(Saved data entries)
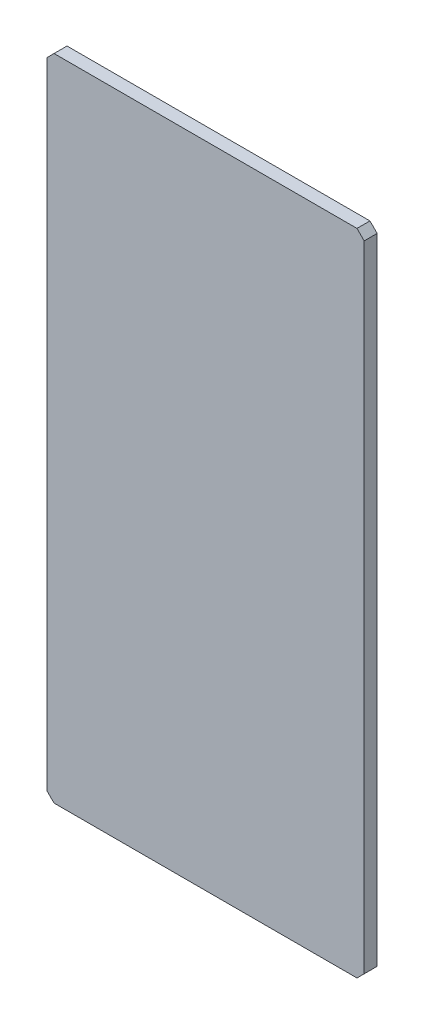
ISO-10303-21;
HEADER;
FILE_DESCRIPTION(('STEP AP214'),'2;1');
FILE_NAME('part.step','',(''),(''),'','','');
FILE_SCHEMA(('AUTOMOTIVE_DESIGN { 1 0 10303 214 1 1 1 1 }'));
ENDSEC;
DATA;
#1=APPLICATION_CONTEXT('core data for automotive mechanical design processes');
#2=APPLICATION_PROTOCOL_DEFINITION('international standard','automotive_design',2000,#1);
#3=PRODUCT_CONTEXT('',#1,'mechanical');
#4=PRODUCT('Part','Part','',(#3));
#5=PRODUCT_RELATED_PRODUCT_CATEGORY('part','',(#4));
#6=PRODUCT_DEFINITION_FORMATION('','',#4);
#7=PRODUCT_DEFINITION_CONTEXT('part definition',#1,'design');
#8=PRODUCT_DEFINITION('design','',#6,#7);
#9=PRODUCT_DEFINITION_SHAPE('','',#8);
#10=(LENGTH_UNIT() NAMED_UNIT(*) SI_UNIT(.MILLI.,.METRE.));
#11=(NAMED_UNIT(*) PLANE_ANGLE_UNIT() SI_UNIT($,.RADIAN.));
#12=(NAMED_UNIT(*) SI_UNIT($,.STERADIAN.) SOLID_ANGLE_UNIT());
#13=UNCERTAINTY_MEASURE_WITH_UNIT(LENGTH_MEASURE(1.E-05),#10,'distance_accuracy_value','');
#14=(GEOMETRIC_REPRESENTATION_CONTEXT(3) GLOBAL_UNCERTAINTY_ASSIGNED_CONTEXT((#13)) GLOBAL_UNIT_ASSIGNED_CONTEXT((#10,
#11,#12)) REPRESENTATION_CONTEXT('',''));
#15=CARTESIAN_POINT('',(0.,0.,0.));
#16=DIRECTION('',(0.,0.,1.));
#17=DIRECTION('',(1.,0.,0.));
#18=AXIS2_PLACEMENT_3D('',#15,#16,#17);
#19=CARTESIAN_POINT('',(1.61648472385423E-12,343.,-83.0000000000048));
#20=DIRECTION('',(0.,0.,-1.));
#21=DIRECTION('',(-1.,0.,0.));
#22=AXIS2_PLACEMENT_3D('',#19,#20,#21);
#23=PLANE('',#22);
#24=DIRECTION('',(0.707106781186547,-0.707106781186548,0.));
#25=VECTOR('',#24,1.);
#26=CARTESIAN_POINT('',(-214.999999999998,-4.99999999999926,-83.000000000023));
#27=LINE('',#26,#25);
#28=CARTESIAN_POINT('',(-219.999999999998,1.86283280467771E-13,-83.000000000023));
#29=VERTEX_POINT('',#28);
#30=CARTESIAN_POINT('',(-209.999999999998,-9.99999999999993,-83.0000000000224));
#31=VERTEX_POINT('',#30);
#32=EDGE_CURVE('E113',#29,#31,#27,.T.);
#33=ORIENTED_EDGE('',*,*,#32,.F.);
#34=DIRECTION('',(0.,1.,0.));
#35=VECTOR('',#34,1.);
#36=CARTESIAN_POINT('',(-219.999999999997,40.,-83.000000000023));
#37=LINE('',#36,#35);
#38=CARTESIAN_POINT('',(-219.999999999998,880.,-83.0000000000228));
#39=VERTEX_POINT('',#38);
#40=EDGE_CURVE('E117',#39,#29,#37,.F.);
#41=ORIENTED_EDGE('',*,*,#40,.F.);
#42=DIRECTION('',(-0.707106781186548,-0.707106781186548,0.));
#43=VECTOR('',#42,1.);
#44=CARTESIAN_POINT('',(-214.999999999998,884.999999999999,-83.0000000000222));
#45=LINE('',#44,#43);
#46=CARTESIAN_POINT('',(-209.999999999998,890.,-83.0000000000135));
#47=VERTEX_POINT('',#46);
#48=EDGE_CURVE('E94',#47,#39,#45,.T.);
#49=ORIENTED_EDGE('',*,*,#48,.F.);
#50=DIRECTION('',(1.,0.,0.));
#51=VECTOR('',#50,1.);
#52=CARTESIAN_POINT('',(-57.4999999999997,890.,-82.9999999999874));
#53=LINE('',#52,#51);
#54=CARTESIAN_POINT('',(210.000000000001,890.,-82.9999999999872));
#55=VERTEX_POINT('',#54);
#56=EDGE_CURVE('E19',#55,#47,#53,.F.);
#57=ORIENTED_EDGE('',*,*,#56,.F.);
#58=DIRECTION('',(-0.707106781186548,0.707106781186548,0.));
#59=VECTOR('',#58,1.);
#60=CARTESIAN_POINT('',(215.000000000001,885.000000000001,-82.9999999999865));
#61=LINE('',#60,#59);
#62=CARTESIAN_POINT('',(220.000000000001,880.,-82.9999999999866));
#63=VERTEX_POINT('',#62);
#64=EDGE_CURVE('E82',#63,#55,#61,.T.);
#65=ORIENTED_EDGE('',*,*,#64,.F.);
#66=DIRECTION('',(0.,1.,0.));
#67=VECTOR('',#66,1.);
#68=CARTESIAN_POINT('',(220.000000000002,648.,-82.9999999999865));
#69=LINE('',#68,#67);
#70=CARTESIAN_POINT('',(220.000000000001,-1.00956569493163E-13,-82.9999999999868));
#71=VERTEX_POINT('',#70);
#72=EDGE_CURVE('E77',#71,#63,#69,.T.);
#73=ORIENTED_EDGE('',*,*,#72,.F.);
#74=DIRECTION('',(0.707106781186547,0.707106781186548,0.));
#75=VECTOR('',#74,1.);
#76=CARTESIAN_POINT('',(215.000000000001,-5.00000000000075,-82.9999999999874));
#77=LINE('',#76,#75);
#78=CARTESIAN_POINT('',(210.000000000001,-10.0000000000002,-82.9999999999961));
#79=VERTEX_POINT('',#78);
#80=EDGE_CURVE('E105',#79,#71,#77,.T.);
#81=ORIENTED_EDGE('',*,*,#80,.F.);
#82=DIRECTION('',(1.,0.,0.));
#83=VECTOR('',#82,1.);
#84=CARTESIAN_POINT('',(57.5,-10.,-83.0000000000222));
#85=LINE('',#84,#83);
#86=EDGE_CURVE('E109',#31,#79,#85,.T.);
#87=ORIENTED_EDGE('',*,*,#86,.F.);
#88=EDGE_LOOP('',(#33,#41,#49,#57,#65,#73,#81,#87));
#89=FACE_BOUND('',#88,.T.);
#90=ADVANCED_FACE('F16',(#89),#23,.T.);
#91=CARTESIAN_POINT('',(-57.4999999999997,890.,-65.0000000000095));
#92=DIRECTION('',(0.,1.,0.));
#93=DIRECTION('',(0.,0.,1.));
#94=AXIS2_PLACEMENT_3D('',#91,#92,#93);
#95=PLANE('',#94);
#96=DIRECTION('',(0.,0.,1.));
#97=VECTOR('',#96,1.);
#98=CARTESIAN_POINT('',(210.,889.999999999999,-64.9999999999869));
#99=LINE('',#98,#97);
#100=CARTESIAN_POINT('',(210.,890.,-65.0000000000048));
#101=VERTEX_POINT('',#100);
#102=EDGE_CURVE('E87',#55,#101,#99,.T.);
#103=ORIENTED_EDGE('',*,*,#102,.F.);
#104=ORIENTED_EDGE('',*,*,#56,.T.);
#105=DIRECTION('',(0.,0.,1.));
#106=VECTOR('',#105,1.);
#107=CARTESIAN_POINT('',(-209.999999999999,890.,-65.0000000000226));
#108=LINE('',#107,#106);
#109=CARTESIAN_POINT('',(-209.999999999999,890.,-65.0000000000224));
#110=VERTEX_POINT('',#109);
#111=EDGE_CURVE('E123',#110,#47,#108,.F.);
#112=ORIENTED_EDGE('',*,*,#111,.F.);
#113=DIRECTION('',(-1.,0.,0.));
#114=VECTOR('',#113,1.);
#115=CARTESIAN_POINT('',(1.23572649697815E-13,890.,-65.0000000000048));
#116=LINE('',#115,#114);
#117=EDGE_CURVE('E100',#110,#101,#116,.F.);
#118=ORIENTED_EDGE('',*,*,#117,.T.);
#119=EDGE_LOOP('',(#103,#104,#112,#118));
#120=FACE_BOUND('',#119,.T.);
#121=ADVANCED_FACE('F99',(#120),#95,.T.);
#122=CARTESIAN_POINT('',(215.,885.,-64.9999999999869));
#123=DIRECTION('',(0.707106781186548,0.707106781186548,0.));
#124=DIRECTION('',(-0.707106781186548,0.707106781186548,0.));
#125=AXIS2_PLACEMENT_3D('',#122,#123,#124);
#126=PLANE('',#125);
#127=DIRECTION('',(0.707106781186547,-0.707106781186547,0.));
#128=VECTOR('',#127,1.);
#129=CARTESIAN_POINT('',(210.,890.,-64.9999999999874));
#130=LINE('',#129,#128);
#131=CARTESIAN_POINT('',(220.,880.,-64.999999999987));
#132=VERTEX_POINT('',#131);
#133=EDGE_CURVE('E126',#101,#132,#130,.T.);
#134=ORIENTED_EDGE('',*,*,#133,.T.);
#135=DIRECTION('',(0.,0.,-1.));
#136=VECTOR('',#135,1.);
#137=CARTESIAN_POINT('',(220.,880.,-64.9999999999865));
#138=LINE('',#137,#136);
#139=EDGE_CURVE('E89',#63,#132,#138,.F.);
#140=ORIENTED_EDGE('',*,*,#139,.F.);
#141=ORIENTED_EDGE('',*,*,#64,.T.);
#142=ORIENTED_EDGE('',*,*,#102,.T.);
#143=EDGE_LOOP('',(#134,#140,#141,#142));
#144=FACE_BOUND('',#143,.T.);
#145=ADVANCED_FACE('F85',(#144),#126,.T.);
#146=CARTESIAN_POINT('',(220.,648.,-64.9999999999865));
#147=DIRECTION('',(1.,0.,0.));
#148=DIRECTION('',(0.,0.,-1.));
#149=AXIS2_PLACEMENT_3D('',#146,#147,#148);
#150=PLANE('',#149);
#151=ORIENTED_EDGE('',*,*,#139,.T.);
#152=DIRECTION('',(0.,1.,0.));
#153=VECTOR('',#152,1.);
#154=CARTESIAN_POINT('',(220.,343.,-64.9999999999866));
#155=LINE('',#154,#153);
#156=CARTESIAN_POINT('',(220.,1.06577073555327E-13,-64.9999999999865));
#157=VERTEX_POINT('',#156);
#158=EDGE_CURVE('E128',#132,#157,#155,.F.);
#159=ORIENTED_EDGE('',*,*,#158,.T.);
#160=DIRECTION('',(0.,0.,1.));
#161=VECTOR('',#160,1.);
#162=CARTESIAN_POINT('',(220.000000000001,5.09141340199193E-13,-64.9999999999869));
#163=LINE('',#162,#161);
#164=EDGE_CURVE('E107',#71,#157,#163,.T.);
#165=ORIENTED_EDGE('',*,*,#164,.F.);
#166=ORIENTED_EDGE('',*,*,#72,.T.);
#167=EDGE_LOOP('',(#151,#159,#165,#166));
#168=FACE_BOUND('',#167,.T.);
#169=ADVANCED_FACE('F161',(#168),#150,.T.);
#170=CARTESIAN_POINT('',(215.,-5.,-64.9999999999869));
#171=DIRECTION('',(0.707106781186548,-0.707106781186547,0.));
#172=DIRECTION('',(0.707106781186547,0.707106781186548,0.));
#173=AXIS2_PLACEMENT_3D('',#170,#171,#172);
#174=PLANE('',#173);
#175=DIRECTION('',(-0.707106781186547,-0.707106781186547,0.));
#176=VECTOR('',#175,1.);
#177=CARTESIAN_POINT('',(220.,0.,-64.9999999999866));
#178=LINE('',#177,#176);
#179=CARTESIAN_POINT('',(210.,-10.,-64.999999999987));
#180=VERTEX_POINT('',#179);
#181=EDGE_CURVE('E131',#157,#180,#178,.T.);
#182=ORIENTED_EDGE('',*,*,#181,.T.);
#183=DIRECTION('',(0.,0.,-1.));
#184=VECTOR('',#183,1.);
#185=CARTESIAN_POINT('',(210.000000000001,-10.,-65.));
#186=LINE('',#185,#184);
#187=EDGE_CURVE('E111',#79,#180,#186,.F.);
#188=ORIENTED_EDGE('',*,*,#187,.F.);
#189=ORIENTED_EDGE('',*,*,#80,.T.);
#190=ORIENTED_EDGE('',*,*,#164,.T.);
#191=EDGE_LOOP('',(#182,#188,#189,#190));
#192=FACE_BOUND('',#191,.T.);
#193=ADVANCED_FACE('F160',(#192),#174,.T.);
#194=CARTESIAN_POINT('',(57.5,-10.,-65.));
#195=DIRECTION('',(0.,-1.,0.));
#196=DIRECTION('',(0.,0.,-1.));
#197=AXIS2_PLACEMENT_3D('',#194,#195,#196);
#198=PLANE('',#197);
#199=ORIENTED_EDGE('',*,*,#187,.T.);
#200=DIRECTION('',(-1.,0.,0.));
#201=VECTOR('',#200,1.);
#202=CARTESIAN_POINT('',(1.23572649697815E-13,-10.,-65.0000000000048));
#203=LINE('',#202,#201);
#204=CARTESIAN_POINT('',(-209.999999999999,-10.0000000000001,-65.0000000000048));
#205=VERTEX_POINT('',#204);
#206=EDGE_CURVE('E134',#180,#205,#203,.T.);
#207=ORIENTED_EDGE('',*,*,#206,.T.);
#208=DIRECTION('',(0.,0.,1.));
#209=VECTOR('',#208,1.);
#210=CARTESIAN_POINT('',(-209.999999999999,-10.0000000000005,-65.0000000000226));
#211=LINE('',#210,#209);
#212=EDGE_CURVE('E115',#31,#205,#211,.T.);
#213=ORIENTED_EDGE('',*,*,#212,.F.);
#214=ORIENTED_EDGE('',*,*,#86,.T.);
#215=EDGE_LOOP('',(#199,#207,#213,#214));
#216=FACE_BOUND('',#215,.T.);
#217=ADVANCED_FACE('F154',(#216),#198,.T.);
#218=CARTESIAN_POINT('',(-214.999999999999,-5.00000000000001,-65.0000000000226));
#219=DIRECTION('',(-0.707106781186548,-0.707106781186547,0.));
#220=DIRECTION('',(0.707106781186547,-0.707106781186548,0.));
#221=AXIS2_PLACEMENT_3D('',#218,#219,#220);
#222=PLANE('',#221);
#223=ORIENTED_EDGE('',*,*,#32,.T.);
#224=ORIENTED_EDGE('',*,*,#212,.T.);
#225=DIRECTION('',(-0.707106781186546,0.707106781186548,0.));
#226=VECTOR('',#225,1.);
#227=CARTESIAN_POINT('',(-209.999999999999,-10.,-65.0000000000222));
#228=LINE('',#227,#226);
#229=CARTESIAN_POINT('',(-219.999999999999,0.,-65.0000000000226));
#230=VERTEX_POINT('',#229);
#231=EDGE_CURVE('E137',#205,#230,#228,.T.);
#232=ORIENTED_EDGE('',*,*,#231,.T.);
#233=DIRECTION('',(0.,0.,1.));
#234=VECTOR('',#233,1.);
#235=CARTESIAN_POINT('',(-219.999999999999,0.,-65.000000000023));
#236=LINE('',#235,#234);
#237=EDGE_CURVE('E119',#29,#230,#236,.T.);
#238=ORIENTED_EDGE('',*,*,#237,.F.);
#239=EDGE_LOOP('',(#223,#224,#232,#238));
#240=FACE_BOUND('',#239,.T.);
#241=ADVANCED_FACE('F150',(#240),#222,.T.);
#242=CARTESIAN_POINT('',(-219.999999999999,40.,-65.000000000023));
#243=DIRECTION('',(-1.,0.,0.));
#244=DIRECTION('',(0.,0.,1.));
#245=AXIS2_PLACEMENT_3D('',#242,#243,#244);
#246=PLANE('',#245);
#247=ORIENTED_EDGE('',*,*,#237,.T.);
#248=DIRECTION('',(0.,1.,0.));
#249=VECTOR('',#248,1.);
#250=CARTESIAN_POINT('',(-219.999999999999,343.,-65.000000000023));
#251=LINE('',#250,#249);
#252=CARTESIAN_POINT('',(-219.999999999999,880.,-65.000000000023));
#253=VERTEX_POINT('',#252);
#254=EDGE_CURVE('E25',#230,#253,#251,.T.);
#255=ORIENTED_EDGE('',*,*,#254,.T.);
#256=DIRECTION('',(0.,0.,1.));
#257=VECTOR('',#256,1.);
#258=CARTESIAN_POINT('',(-219.999999999998,880.000000000001,-65.0000000000226));
#259=LINE('',#258,#257);
#260=EDGE_CURVE('E33',#39,#253,#259,.T.);
#261=ORIENTED_EDGE('',*,*,#260,.F.);
#262=ORIENTED_EDGE('',*,*,#40,.T.);
#263=EDGE_LOOP('',(#247,#255,#261,#262));
#264=FACE_BOUND('',#263,.T.);
#265=ADVANCED_FACE('F143',(#264),#246,.T.);
#266=CARTESIAN_POINT('',(-214.999999999999,885.,-65.0000000000226));
#267=DIRECTION('',(-0.707106781186548,0.707106781186548,0.));
#268=DIRECTION('',(-0.707106781186548,-0.707106781186548,0.));
#269=AXIS2_PLACEMENT_3D('',#266,#267,#268);
#270=PLANE('',#269);
#271=DIRECTION('',(0.707106781186546,0.707106781186548,0.));
#272=VECTOR('',#271,1.);
#273=CARTESIAN_POINT('',(-219.999999999999,880.,-65.000000000023));
#274=LINE('',#273,#272);
#275=EDGE_CURVE('E11',#253,#110,#274,.T.);
#276=ORIENTED_EDGE('',*,*,#275,.T.);
#277=ORIENTED_EDGE('',*,*,#111,.T.);
#278=ORIENTED_EDGE('',*,*,#48,.T.);
#279=ORIENTED_EDGE('',*,*,#260,.T.);
#280=EDGE_LOOP('',(#276,#277,#278,#279));
#281=FACE_BOUND('',#280,.T.);
#282=ADVANCED_FACE('F162',(#281),#270,.T.);
#283=CARTESIAN_POINT('',(1.23572649697815E-13,343.,-65.0000000000048));
#284=DIRECTION('',(0.,0.,-1.));
#285=DIRECTION('',(-1.,0.,0.));
#286=AXIS2_PLACEMENT_3D('',#283,#284,#285);
#287=PLANE('',#286);
#288=ORIENTED_EDGE('',*,*,#254,.F.);
#289=ORIENTED_EDGE('',*,*,#231,.F.);
#290=ORIENTED_EDGE('',*,*,#206,.F.);
#291=ORIENTED_EDGE('',*,*,#181,.F.);
#292=ORIENTED_EDGE('',*,*,#158,.F.);
#293=ORIENTED_EDGE('',*,*,#133,.F.);
#294=ORIENTED_EDGE('',*,*,#117,.F.);
#295=ORIENTED_EDGE('',*,*,#275,.F.);
#296=EDGE_LOOP('',(#288,#289,#290,#291,#292,#293,#294,#295));
#297=FACE_BOUND('',#296,.T.);
#298=ADVANCED_FACE('F147',(#297),#287,.F.);
#299=CLOSED_SHELL('',(#90,#121,#145,#169,#193,#217,#241,#265,#282,#298));
#300=MANIFOLD_SOLID_BREP('B1',#299);
#301=ADVANCED_BREP_SHAPE_REPRESENTATION('',(#18,#300),#14);
#302=SHAPE_DEFINITION_REPRESENTATION(#9,#301);
ENDSEC;
END-ISO-10303-21;

» **Aim of the exercise**
Exactly the lines from the one that holds "#302=SHAPE_DEFINITION_REPRESENTATION(#9,#301);" through the final line of the records above should be written out, and only those.

» **Output for this exercise**
#302=SHAPE_DEFINITION_REPRESENTATION(#9,#301);
ENDSEC;
END-ISO-10303-21;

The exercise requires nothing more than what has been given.